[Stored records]

◆ ◆ ◆

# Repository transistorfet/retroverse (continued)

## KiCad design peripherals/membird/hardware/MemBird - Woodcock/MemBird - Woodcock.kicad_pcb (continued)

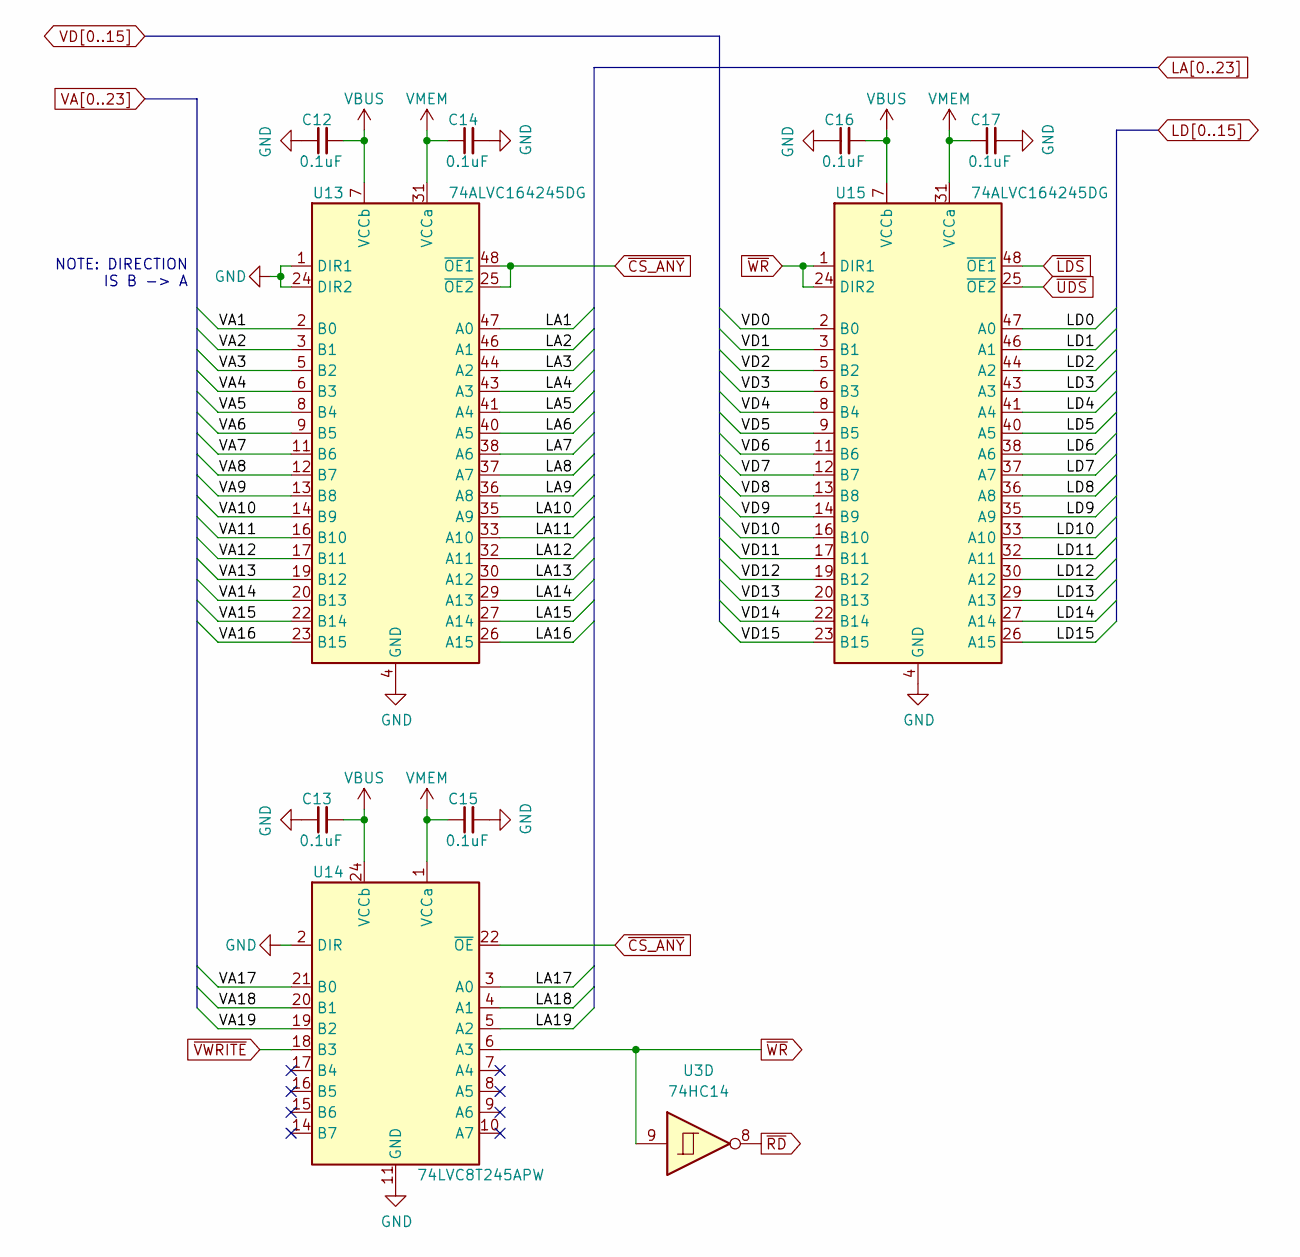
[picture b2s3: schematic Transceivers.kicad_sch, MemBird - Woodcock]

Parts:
C12, C13, C14, C15, C16, C17: 0.1uF; C_0805_2012Metric_Pad1.18x1.45mm_HandSolder
U3: 74HC14; TSSOP-14_4.4x5mm_P0.65mm
U13, U15: 74ALVC164245DG; TSSOP-48_6.1x12.5mm_P0.5mm
U14: 74LVC8T245APW; TSSOP-24_4.4x7.8mm_P0.65mm

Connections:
GND: C12.1, C13.1, C14.2, C15.2, C16.1, C17.2, U13.1 (DIR1), U13.4 (GND), U13.10 (GND), U13.15 (GND), U13.21 (GND), U13.24 (DIR2), U13.28 (GND), U13.34 (GND), U13.39 (GND), U13.45 (GND), U14.2 (DIR), U14.11 (GND), U14.12 (GND), U14.13 (GND), U15.4 (GND), U15.10 (GND), U15.15 (GND), U15.21 (GND), U15.28 (GND), U15.34 (GND), U15.39 (GND), U15.45 (GND); also elsewhere on the board
LA1: U13.47 (A0); also elsewhere on the board
LA2: U13.46 (A1); also elsewhere on the board
LA3: U13.44 (A2); also elsewhere on the board
LA4: U13.43 (A3); also elsewhere on the board
LA5: U13.41 (A4); also elsewhere on the board
LA6: U13.40 (A5); also elsewhere on the board
LA7: U13.38 (A6); also elsewhere on the board
LA8: U13.37 (A7); also elsewhere on the board
LA9: U13.36 (A8); also elsewhere on the board
LA10: U13.35 (A9); also elsewhere on the board
LA11: U13.33 (A10); also elsewhere on the board
LA12: U13.32 (A11); also elsewhere on the board
LA13: U13.30 (A12); also elsewhere on the board
LA14: U13.29 (A13); also elsewhere on the board
LA15: U13.27 (A14); also elsewhere on the board
LA16: U13.26 (A15); also elsewhere on the board
LA17: U14.3 (A0); also elsewhere on the board
LA18: U14.4 (A1); also elsewhere on the board
LA19: U14.5 (A2); also elsewhere on the board
LD0: U15.47 (A0); also elsewhere on the board
LD1: U15.46 (A1); also elsewhere on the board
LD2: U15.44 (A2); also elsewhere on the board
LD3: U15.43 (A3); also elsewhere on the board
LD4: U15.41 (A4); also elsewhere on the board
LD5: U15.40 (A5); also elsewhere on the board
LD6: U15.38 (A6); also elsewhere on the board
LD7: U15.37 (A7); also elsewhere on the board
LD8: U15.36 (A8); also elsewhere on the board
LD9: U15.35 (A9); also elsewhere on the board
LD10: U15.33 (A10); also elsewhere on the board
LD11: U15.32 (A11); also elsewhere on the board
LD12: U15.30 (A12); also elsewhere on the board
LD13: U15.29 (A13); also elsewhere on the board
LD14: U15.27 (A14); also elsewhere on the board
LD15: U15.26 (A15); also elsewhere on the board
VA1: U13.2 (B0); also elsewhere on the board
VA2: U13.3 (B1); also elsewhere on the board
VA3: U13.5 (B2); also elsewhere on the board
VA4: U13.6 (B3); also elsewhere on the board
VA5: U13.8 (B4); also elsewhere on the board
VA6: U13.9 (B5); also elsewhere on the board
VA7: U13.11 (B6); also elsewhere on the board
VA8: U13.12 (B7); also elsewhere on the board
VA9: U13.13 (B8); also elsewhere on the board
VA10: U13.14 (B9); also elsewhere on the board
VA11: U13.16 (B10); also elsewhere on the board
VA12: U13.17 (B11); also elsewhere on the board
VA13: U13.19 (B12); also elsewhere on the board
VA14: U13.20 (B13); also elsewhere on the board
VA15: U13.22 (B14); also elsewhere on the board
VA16: U13.23 (B15); also elsewhere on the board
VA17: U14.21 (B0); also elsewhere on the board
VA18: U14.20 (B1); also elsewhere on the board
VA19: U14.19 (B2); also elsewhere on the board
VBUS: C12.2, C13.2, C16.2, U13.7 (VCCb), U13.18 (VCCb), U14.23 (VCCb), U14.24 (VCCb), U15.7 (VCCb), U15.18 (VCCb); also elsewhere on the board
VD0: U15.2 (B0); also elsewhere on the board
VD1: U15.3 (B1); also elsewhere on the board
VD2: U15.5 (B2); also elsewhere on the board
VD3: U15.6 (B3); also elsewhere on the board
VD4: U15.8 (B4); also elsewhere on the board
VD5: U15.9 (B5); also elsewhere on the board
VD6: U15.11 (B6); also elsewhere on the board
VD7: U15.12 (B7); also elsewhere on the board
VD8: U15.13 (B8); also elsewhere on the board
VD9: U15.14 (B9); also elsewhere on the board
VD10: U15.16 (B10); also elsewhere on the board
VD11: U15.17 (B11); also elsewhere on the board
VD12: U15.19 (B12); also elsewhere on the board
VD13: U15.20 (B13); also elsewhere on the board
VD14: U15.22 (B14); also elsewhere on the board
VD15: U15.23 (B15); also elsewhere on the board
VMEM: C14.1, C15.1, C17.1, U13.31 (VCCa), U13.42 (VCCa), U14.1 (VCCa), U15.31 (VCCa), U15.42 (VCCa); also elsewhere on the board
~CS_ANY: U13.25 (~OE2), U13.48 (~OE1), U14.22 (~OE); also elsewhere on the board
~LDS: U15.48 (~OE1); also elsewhere on the board
~RD: U3.8; also elsewhere on the board
~UDS: U15.25 (~OE2); also elsewhere on the board
~VWRITE: U14.18 (B3); also elsewhere on the board
~WR: U3.9, U14.6 (A3), U15.1 (DIR1), U15.24 (DIR2); also elsewhere on the board

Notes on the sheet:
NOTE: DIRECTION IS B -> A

◆ ◆ ◆

AIM OF THE TASK — Your task is to retype the entries verbatim, starting with the line that holds "LD7: U15.37 (A7); also elsewhere on the board" and stopping after the line that holds "VA16: U13.23 (B15);".

ANSWER SECTION —
LD7: U15.37 (A7); also elsewhere on the board
LD8: U15.36 (A8); also elsewhere on the board
LD9: U15.35 (A9); also elsewhere on the board
LD10: U15.33 (A10); also elsewhere on the board
LD11: U15.32 (A11); also elsewhere on the board
LD12: U15.30 (A12); also elsewhere on the board
LD13: U15.29 (A13); also elsewhere on the board
LD14: U15.27 (A14); also elsewhere on the board
LD15: U15.26 (A15); also elsewhere on the board
VA1: U13.2 (B0); also elsewhere on the board
VA2: U13.3 (B1); also elsewhere on the board
VA3: U13.5 (B2); also elsewhere on the board
VA4: U13.6 (B3); also elsewhere on the board
VA5: U13.8 (B4); also elsewhere on the board
VA6: U13.9 (B5); also elsewhere on the board
VA7: U13.11 (B6); also elsewhere on the board
VA8: U13.12 (B7); also elsewhere on the board
VA9: U13.13 (B8); also elsewhere on the board
VA10: U13.14 (B9); also elsewhere on the board
VA11: U13.16 (B10); also elsewhere on the board
VA12: U13.17 (B11); also elsewhere on the board
VA13: U13.19 (B12); also elsewhere on the board
VA14: U13.20 (B13); also elsewhere on the board
VA15: U13.22 (B14); also elsewhere on the board
VA16: U13.23 (B15); also elsewhere on the board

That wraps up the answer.